- Date: 26 February – 4 March
- Edition: 18th
- Category: ATP World Series
- Draw: 32S / 16D
- Prize money: $450,000
- Surface: Carpet / indoor
- Location: Rotterdam, Netherlands
- Venue: Rotterdam Ahoy

Champions

Singles
- Brad Gilbert

Doubles
- Leonardo Lavalle / Jorge Lozano
- ← 1989 · ABN World Tennis Tournament · 1991 →

= 1990 ABN World Tennis Tournament =

The 1990 ABN World Tennis Tournament (known as such in 1990 for sponsorship reasons) was a men's tennis tournament played on indoor carpet courts. It was the 18th edition of the event known that year as the ABN World Tennis Tournament, and part of the ATP World Series of the 1990 ATP Tour.
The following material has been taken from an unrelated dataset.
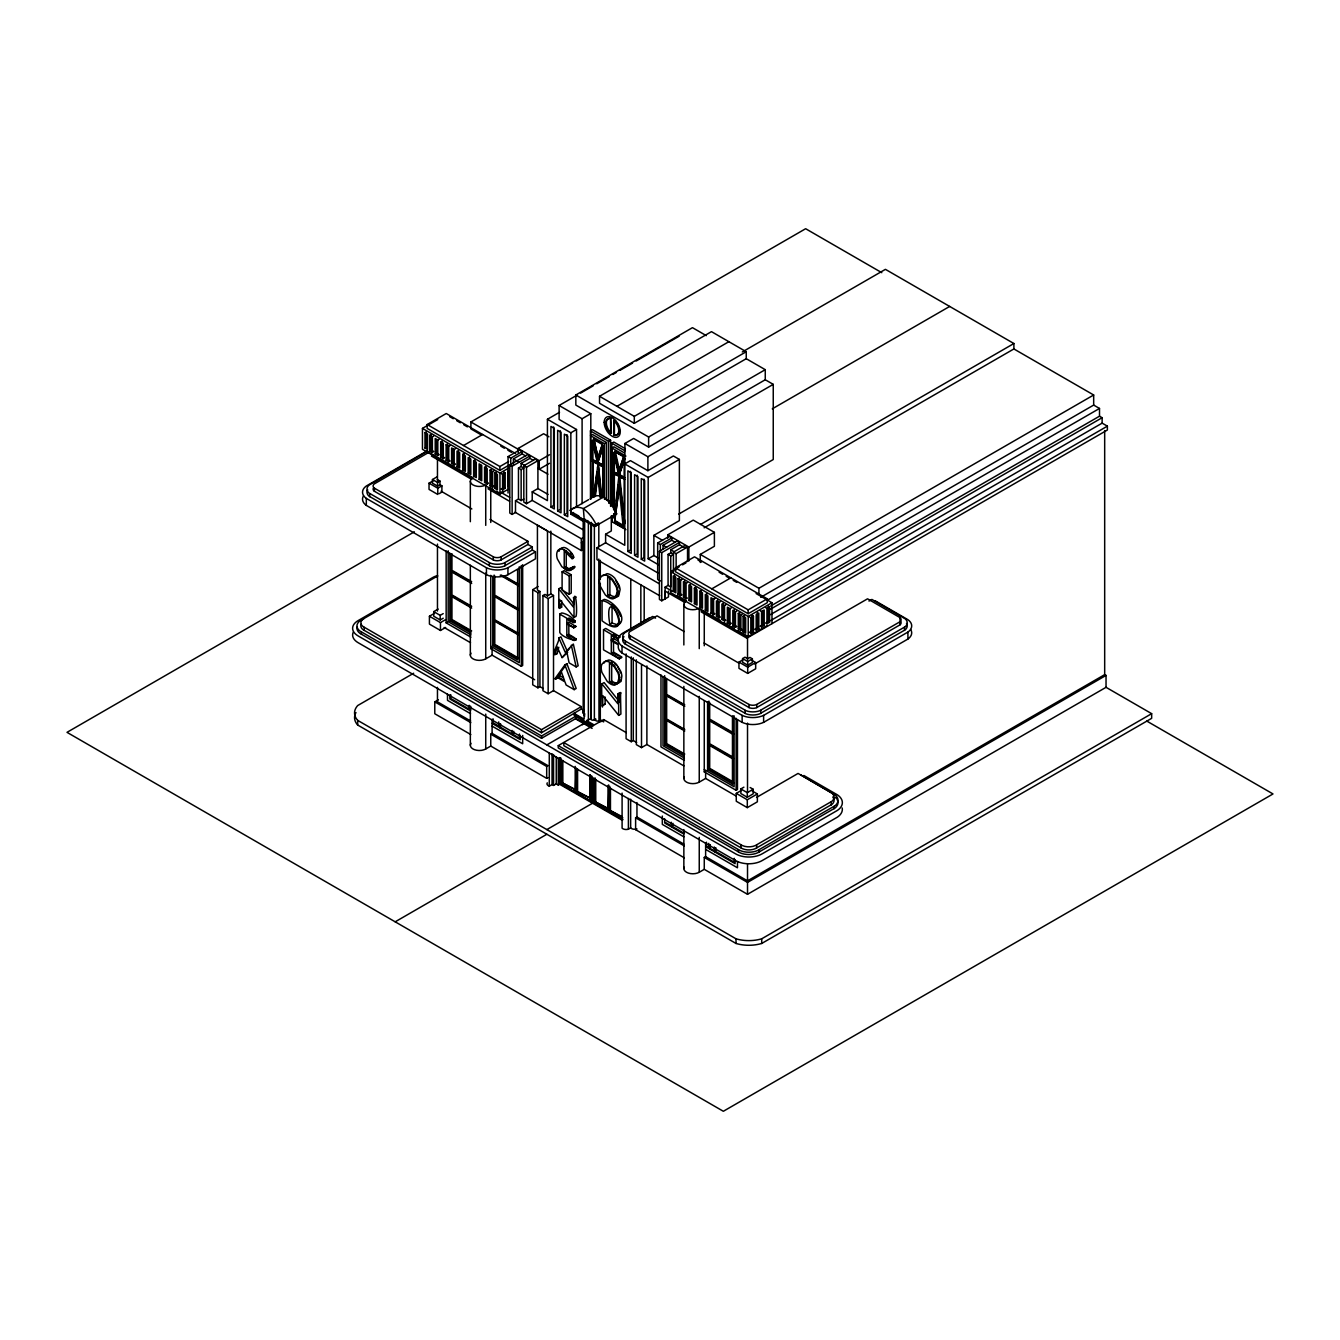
<?xml version="1.0" encoding="UTF-8"?>
<svg xmlns="http://www.w3.org/2000/svg" width="1340" height="1340" viewBox="0 0 1340 1340"><rect width="100%" height="100%" fill="white"/><g stroke="black" fill="none" stroke-linecap="round" stroke-linejoin="round"><path stroke-width="1.5" d="M568.797 624.406L568.88 634.507C588.428 644.674 563.219 639.381 559.768 632.43L559.752 614.105L561.761 612.95C572.364 614.44 583.034 628.912 566.854 619.097L566.803 623.234L573.838 627.69L566.803 624.072L566.854 635.663L574.173 640.604M562.096 571.812L569.198 575.932L569.198 594.24L571.208 593.067L571.225 574.76L564.123 570.656L562.096 571.812L562.096 590.119L569.198 594.24M514.962 512.165L581.309 550.572L581.309 538.747L515.498 500.741L515.498 512.466L512.131 514.409L509.786 513.053L509.786 464.896L527.524 454.662L529.87 456.019L529.87 458.347L521.143 463.389L521.143 466.488L518.463 468.029L518.463 499.033L515.498 500.741M613.469 641.039L613.553 652.161L621.509 656.801L619.381 658.878L603.536 649.867L603.519 629.716L605.73 628.443L619.264 636.282M620.018 702.428L620.454 692.596L620.906 714.103L618.695 715.376L602.799 695.628C602.565 726.95 601.141 683.635 601.894 683.852L604.106 682.579L618.862 700.988M593.419 725.325L586.3 722.109A3.719 2.144 0 0 1 584.759 722.042L584.759 723.583L591.057 727.201M566.234 551.159L566.234 566.837C568.596 571.443 574.19 565.011 574.625 567.389A12.73 7.337 60 0 1 572.146 569.266A11.457 6.599 60 0 1 569.433 569.215M612.062 606.802L612.062 623.083L609.851 624.356C605.395 598.394 615.429 604.826 618.762 620.386C619.448 625.395 613.335 627.891 609.851 624.356M560.79 605.328L560.807 603.821M609.884 577.272L609.901 594.742L612.095 595.999A11.943 6.884 60 0 0 615.764 596.434L617.522 595.563M618.125 643.635L611.274 639.75L611.325 635.21L618.243 639.18L618.075 638.208L603.519 629.716M611.274 639.75L613.486 638.476L613.536 635.445M613.486 639.398L611.274 640.688L611.325 653.434L619.381 658.878M594.692 496.772L598.159 472.3M595.379 496.386L597.69 476.32M623.134 519.485L623.1 526.017L614.658 521.143L619.582 484.661M614.658 521.143L619.114 488.665M593.285 497.341L598.059 463.925L597.539 468.062M593.955 496.956L595.747 482.501M596.267 478.38L597.037 472.182M614.34 517.575L618.812 476.671L623.1 478.38M615.361 509.317L615.881 505.197M616.383 501.06L618.444 484.544M618.963 480.423L619.482 476.286M558.746 588.813L558.881 608.025L559.567 599.516L574.039 617.472L576.049 616.299C577.741 610.135 574.86 580.806 573.219 606.853L558.746 588.813L560.773 587.64L574.023 604.189M575.312 596.736L575.212 598.243M620.102 692.579L617.757 694.388L617.807 703.701L601.894 683.852M558.797 647.254L557.189 653.568C549.082 657.923 560.338 640.118 558.881 637.991L560.907 636.835L567.256 651.156L569.684 648.309M618.913 470.977L623.87 456.169L614.524 451.53L618.913 470.977L623.87 456.169M597.489 458.615L602.548 443.842L593.855 438.833L598.159 458.23M598.712 456.438L602.548 443.842M619.197 592.33L618.192 594.826M597.707 462.786L603.402 446.136L603.402 465.298L597.707 462.786L603.402 446.136M619.13 475.147L624.825 458.498L619.13 475.147L624.825 477.66L619.8 474.762M557.842 550.673A11.692 6.75 60 0 1 560.355 549.031C568.612 547.826 581.56 570.438 564.224 550.422L564.224 568.009C566.586 572.599 572.18 566.167 572.599 568.545A12.73 7.337 60 0 1 570.924 570.12A11.457 6.599 60 0 1 567.423 570.388L561.845 566.736L557.356 558.931A11.692 6.733 60 0 1 556.703 554.861A11.692 6.75 60 0 1 557.005 552.465A12.294 7.085 60 0 1 557.892 550.572M586.3 723.65A3.719 2.144 0 0 1 584.759 723.583L583.754 722.997L583.704 718.793A3.719 2.144 0 0 1 584.139 718.173L584.692 518.815M559.584 608.461L561.728 606.936L561.628 600.756M602.816 705.476L605.161 703.802L605.044 697.001M555.145 678.492L564.894 664.875L566.92 663.719L576.183 688.492L574.173 689.665L566.117 684.991L564.994 681.893L557.105 677.286L555.246 678.844L559.701 676.482M573.135 622.698L575.279 621.257M604.106 663.049L604.608 662.111M619.985 681.156L620.504 680.218M562.398 547.792C567.138 545.363 575.379 557.373 573.135 556.619M620.336 622.33L617.321 624.691L612.062 623.083M566.803 623.234L568.83 622.062L575.848 626.534L574.156 626.048M557.624 676.667L561.276 671.591L564.559 680.687L557.624 676.667L561.276 673.199M565.999 664.992L566.92 663.719M555.547 679.112L558.361 677.32M558.964 674.59L564.827 666.6M602.816 575.781L606.986 573.688A13.149 7.571 60 0 1 614.809 578.21L619.013 585.144A13.065 7.538 60 0 1 620.102 589.667L618.544 596.132L612.983 598.846A13.032 7.521 60 0 1 608.695 597.59A12.596 7.253 60 0 1 605.278 594.826L600.169 586.133M554.978 654.841L557.172 646.868L562.08 657.622L566.887 652.077L569.098 662.848L576.15 666.935L578.177 665.779L573.336 644.038L565.245 652.312L558.881 637.991M567.691 652.312L562.08 657.622M584.692 714.354L584.207 715.192A2.094 1.206 0 0 0 584.826 715.995M595.848 719.094L592.933 720.216A2.094 1.206 0 0 1 591.124 718.491L591.409 522.416M684.154 631.525L657.019 615.864L629.833 631.609A6.482 3.752 0 0 0 629.833 635.629L749.395 704.673A6.482 3.752 0 0 0 756.363 704.673L900.095 621.693A6.482 3.752 0 0 0 900.095 617.673L867.55 598.812L754.688 663.97M629.18 635.478A6.482 3.752 0 0 0 629.833 638.728L749.395 707.771A6.482 3.752 0 0 0 756.363 707.771L900.095 624.792A6.482 3.752 0 0 0 900.095 620.772L899.827 617.438M655.562 618.125L652.681 616.45L624.641 632.815A12.63 7.286 0 0 0 624.641 640.637L746.112 710.753A12.63 7.286 0 0 0 759.663 710.753L905.271 626.684A12.63 7.286 0 0 0 905.271 618.862L871.888 599.416L868.99 601.074M623.954 636.634A12.63 7.286 0 0 0 624.641 643.736L746.112 713.868A12.63 7.286 0 0 0 759.663 713.868L905.271 629.783A12.63 7.286 0 0 0 906.527 623.452M832.76 797.032A12.613 7.286 0 0 1 832.023 804.318L755.341 848.656A10.536 6.08 0 0 1 742.36 848.656L563.839 745.677L563.839 742.578L742.36 845.557A10.536 6.08 0 0 0 755.341 845.557L832.023 801.219A12.613 7.286 0 0 0 832.023 793.196L798.071 773.431L756.547 797.417M837.014 799.36A16.515 9.531 0 0 1 835.289 807.869L757.753 852.759A14.438 8.342 0 0 1 739.948 852.759L558.244 747.955L558.244 745.626L739.948 850.448A14.438 8.342 0 0 0 757.753 850.448L835.289 805.558A16.515 9.531 0 0 0 835.289 795.056L800.834 774.939M605.412 661.156L608.795 660.017A13.149 7.571 60 0 1 616.601 664.54L620.822 671.474A13.032 7.521 60 0 1 621.844 676.03L621.09 681.39L616.986 683.903A13.032 7.521 60 0 1 614.893 683.601M364.229 618.36L363.09 619.097A10.536 6.08 0 0 0 363.09 626.584L541.477 729.663L581.309 706.666L581.309 708.994L541.477 732.762L363.09 629.683A10.536 6.08 0 0 1 361.214 624.34M508.58 465.382L499.904 470.39L427.159 428.398L427.159 424.529L446.254 413.507L515.531 453.506M508.43 489.133L499.954 494.041L422.452 449.302L422.452 428.381L437.728 419.554M424.981 432.586L426.321 431.815L426.321 447.258L424.981 448.029L424.981 432.586L427.577 434.093L427.577 449.536L424.981 448.029M429.755 435.349L431.095 434.562L431.095 450.006L433.708 451.513L432.368 452.3L429.755 450.793L429.755 435.349L432.368 436.857L433.708 436.069M435.215 453.942L436.555 453.171L439.168 454.679L437.812 455.449L435.215 453.942L435.215 438.498L437.812 440.006L439.168 439.235M470.893 428.029L470.893 421.983L805.642 228.721L881.787 272.673M427.644 450.592L366.322 486.001A17.085 9.866 0 0 0 366.322 498.396L366.322 505.381L486.454 574.726A17.085 9.866 0 0 0 507.927 574.726L535.447 558.847L535.447 551.862L532.298 550.053L503.957 566.234A12.63 7.286 0 0 1 490.406 566.234L368.952 496.118A12.63 7.286 0 0 1 367.696 489.77M427.226 451.362L368.952 485.181A12.63 7.286 0 0 0 368.952 493.019L490.406 563.135A12.63 7.286 0 0 0 503.957 563.135L532.298 546.955L532.298 550.053M429.755 450.793L431.095 450.006M428.733 452.401L374.128 483.991A6.482 3.752 0 0 0 374.128 488.011L493.706 557.038A6.482 3.752 0 0 0 500.674 557.038L527.96 541.343L527.96 544.459L500.674 560.154A6.482 3.752 0 0 1 493.706 560.154L374.128 491.11A6.482 3.752 0 0 1 373.291 488.262M446.136 444.796L447.476 444.026L447.476 459.469L450.072 460.977L448.732 461.747L446.136 460.24L446.136 444.796L448.732 446.304L450.072 445.533M440.676 457.091L442.016 456.32L444.629 457.828L443.272 458.598L440.676 457.091L440.676 441.647L443.272 443.155L443.272 458.598M451.597 463.389L452.937 462.618L455.533 464.126L454.193 464.896L451.597 463.389L451.597 447.945L454.193 449.453L455.533 448.682M463.54 445.517L482.635 434.495M446.136 460.24L447.476 459.469M462.736 454.394L464.076 453.607L464.076 469.067L462.736 469.838L462.736 454.394L465.349 455.901L465.349 471.345L462.736 469.838M590.806 498.681L590.806 413.708L575.832 405.065L575.832 394.998L692.462 327.663L706.297 335.637M576.535 506.704L576.535 429.504L559.115 419.437L559.115 405.501L577.021 395.149M580.605 393.089L593.151 385.853M596.736 383.776L609.264 376.54M612.849 374.48L616.433 372.403M620.001 370.342L632.547 363.107M636.131 361.029L679.112 336.223M439.151 493.673L441.899 492.081L441.899 485.834L439.972 484.728L437.56 486.119L432.452 483.171L432.452 479.519L437.125 476.822M457.041 466.555L459.654 468.062L459.654 452.602L457.041 451.111L457.041 466.555L458.397 465.767L458.397 450.324M429.034 483.171L437.778 488.212L437.778 494.46L429.034 489.401L429.034 483.171L433.825 480.407M473.656 460.692L474.996 459.921L474.996 475.365L473.656 476.135L473.656 460.692L476.269 462.2L476.269 477.643L473.656 476.135M432.452 479.519L437.56 482.467L439.972 481.077L439.972 484.728M582.766 529.568L532.215 500.39L532.215 491.864L547.423 500.641L547.423 419.269L559.551 412.268M437.778 488.212L441.899 485.834M599.533 396.288L711.473 331.65L746.246 351.733L746.246 358.701L634.306 423.323L599.533 403.256L599.533 396.288L634.306 416.355L746.246 351.733M468.196 472.986L470.809 474.494L470.809 459.05L468.196 457.543L468.196 472.986L469.536 472.216L469.536 456.772M518.128 452.434L518.128 448.465L543.621 433.741L548.914 436.79M508.061 493.036L508.061 456.605L519.468 450.022L522.148 451.563L522.148 453.892L513.421 458.933L513.421 464.946M490.038 470.156L491.378 469.369L491.378 484.812L493.991 486.319L492.651 487.107L490.038 485.599L490.038 470.156L492.651 471.663L493.991 470.876M508.061 456.605L510.741 458.163L522.148 451.563M559.115 405.501L582.096 418.75L590.806 413.708M427.159 424.529L499.904 466.521L508.58 461.513M479.117 479.284L481.73 480.792L481.73 465.349L479.117 463.841L479.117 479.284L480.457 478.514L480.457 464.997M494.812 472.903L496.152 472.132L496.152 487.576L494.812 488.346L494.812 472.903L497.425 474.41L497.425 489.854L494.812 488.346M422.452 428.381L499.954 473.12L508.43 468.213M509.786 464.896L512.131 466.253L529.87 456.019M484.578 482.433L485.918 481.663L488.531 483.171L487.191 483.941L484.578 482.433L484.578 466.99L487.191 468.498L487.191 483.941M547.423 419.269L570.84 432.786L576.535 429.504M616.919 406.322L728.86 341.7M501.21 473.556L502.584 474.36L505.18 472.853L505.18 488.296L502.584 489.804L501.21 489.016L503.823 487.509L505.18 488.296M532.215 500.39L526.503 503.689L523.823 502.131L523.823 465.717L535.23 459.118L537.909 460.675L537.909 488.564L548.06 494.427M490.038 485.599L491.378 484.812M518.463 468.029L521.143 469.586L523.823 468.029L521.143 466.488M414.345 531.812L67 732.344L723.349 1111.279L1273 793.95L1146.822 721.104M523.823 465.717L526.503 467.258L537.909 460.675M610.722 418.817L611.392 433.071L610.538 433.322A9.246 5.343 60 0 1 605.68 423.222A9.246 5.343 60 0 1 610.538 418.733L610.722 433.456M590.488 498.999L590.421 430.86L592.431 429.688L610.605 440.19L610.605 506.403M518.128 448.465L539.266 460.675L549.467 454.779M613.72 420.542L613.921 420.676A9.246 5.343 60 0 1 618.762 430.776A9.246 5.343 60 0 1 613.921 435.266L613.72 420.542L614.591 420.291A9.246 5.343 60 0 1 616.166 421.966M549.467 463.305L539.266 469.201L539.266 460.675M742.293 351.968L885.422 269.34L1013.894 343.526L1013.894 348.953L704.12 527.809M503.388 491.244L499.904 493.254L496.453 491.244M592.246 440.475L597.942 462.149L592.246 459.637L592.246 440.475L597.271 462.534M613.72 435.182L614.591 434.88A9.246 5.343 60 0 0 619.214 428.298M606.518 442.552L592.498 434.462L590.488 435.617L604.491 443.707L606.518 442.552L606.518 500.272M590.421 430.86L608.594 441.346L610.605 440.19M611.827 503.354L611.827 443.222L613.837 442.066L625.412 448.732M532.215 491.864L537.909 488.564M611.894 505.716L611.894 447.995L613.921 446.823L624.423 452.887M518.463 499.033L521.143 500.574L523.823 499.033M592.246 459.637L597.942 462.149M592.246 497.559L592.917 460.96L592.917 497.173M657.957 572.984L605.613 542.767L605.613 534.241L624.758 545.296L624.909 443.473L633.636 438.448L648.627 447.091L765.257 379.756L773.247 384.362L773.247 459.536L678.727 514.091M613.67 452.836L619.365 474.511L613.67 471.998L613.67 452.836L618.678 474.896M575.832 394.998L648.627 437.024L765.257 369.673L765.257 379.756M592.246 461.345L603.402 467.007L603.402 497.19M550.941 507.006L554.291 508.949L554.291 428.348L550.941 426.422L550.941 507.006L553.621 505.465L553.621 426.941M613.67 471.998L619.365 474.511M613.67 509.92L613.67 473.707L617.757 475.298M437.041 576.317L360.008 620.805A14.438 8.342 0 0 0 360.008 631.073L541.561 735.995L576.736 715.677L583.637 720.568A3.719 2.144 0 0 0 583.754 721.456L573.52 714.605M624.909 443.473L647.89 456.739L773.247 384.362M557.658 510.892L561.008 512.818L561.008 432.234L557.658 430.291L557.658 510.892L560.338 509.334L560.338 430.81M570.187 510.306A27.671 15.979 60 0 1 583.369 508.614A27.671 15.979 60 0 1 596.551 525.514A7.638 4.405 60 0 1 593.871 525.514L572.867 513.404A7.638 4.405 60 0 1 570.187 510.306L588.645 499.636M613.67 473.707L624.825 479.385M564.358 514.761L567.725 516.704L567.725 436.103L564.358 434.16L564.358 514.761L567.055 513.22L567.055 434.679M570.84 432.786L570.84 514.158L573.688 512.517M572.867 513.404L594.558 526.67L616.685 513.89A27.671 15.979 60 0 0 603.503 496.989A27.671 15.979 60 0 0 590.32 498.681A7.638 4.405 60 0 0 590.706 499.267M648.175 477.442L624.758 463.925L630.453 460.625L647.89 470.692L673.384 455.969L679.38 459.419L679.38 520.64L653.87 535.364L653.87 555.514L648.175 558.813L648.175 477.442L679.38 459.419M603.503 496.989L583.369 508.614L584.056 517.508M610.605 500.322L608.594 501.478L608.594 441.346M608.729 503.27L612.229 501.244L612.229 505.281M772.292 408.834L949.658 306.441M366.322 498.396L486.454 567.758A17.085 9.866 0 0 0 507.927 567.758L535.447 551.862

It took place at the Rotterdam Ahoy arena in Rotterdam, Netherlands, from 26 February through 4 March 1990. First-seeded Brad Gilbert won the singles title.

==Finals==
===Singles===

USA Brad Gilbert defeated SWE Jonas Svensson 6–1, 6–3
- It was Gilbert's first singles title of the year, and the 18th of his career.

===Doubles===

MEX Leonardo Lavalle / MEX Jorge Lozano defeated ITA Diego Nargiso / Nicolas Pereira 6–3, 7–6
- It was Lavalle's first doubles title of the year, and the third of his career.
- It was Lozano's first doubles title of the year, and the seventh of his career.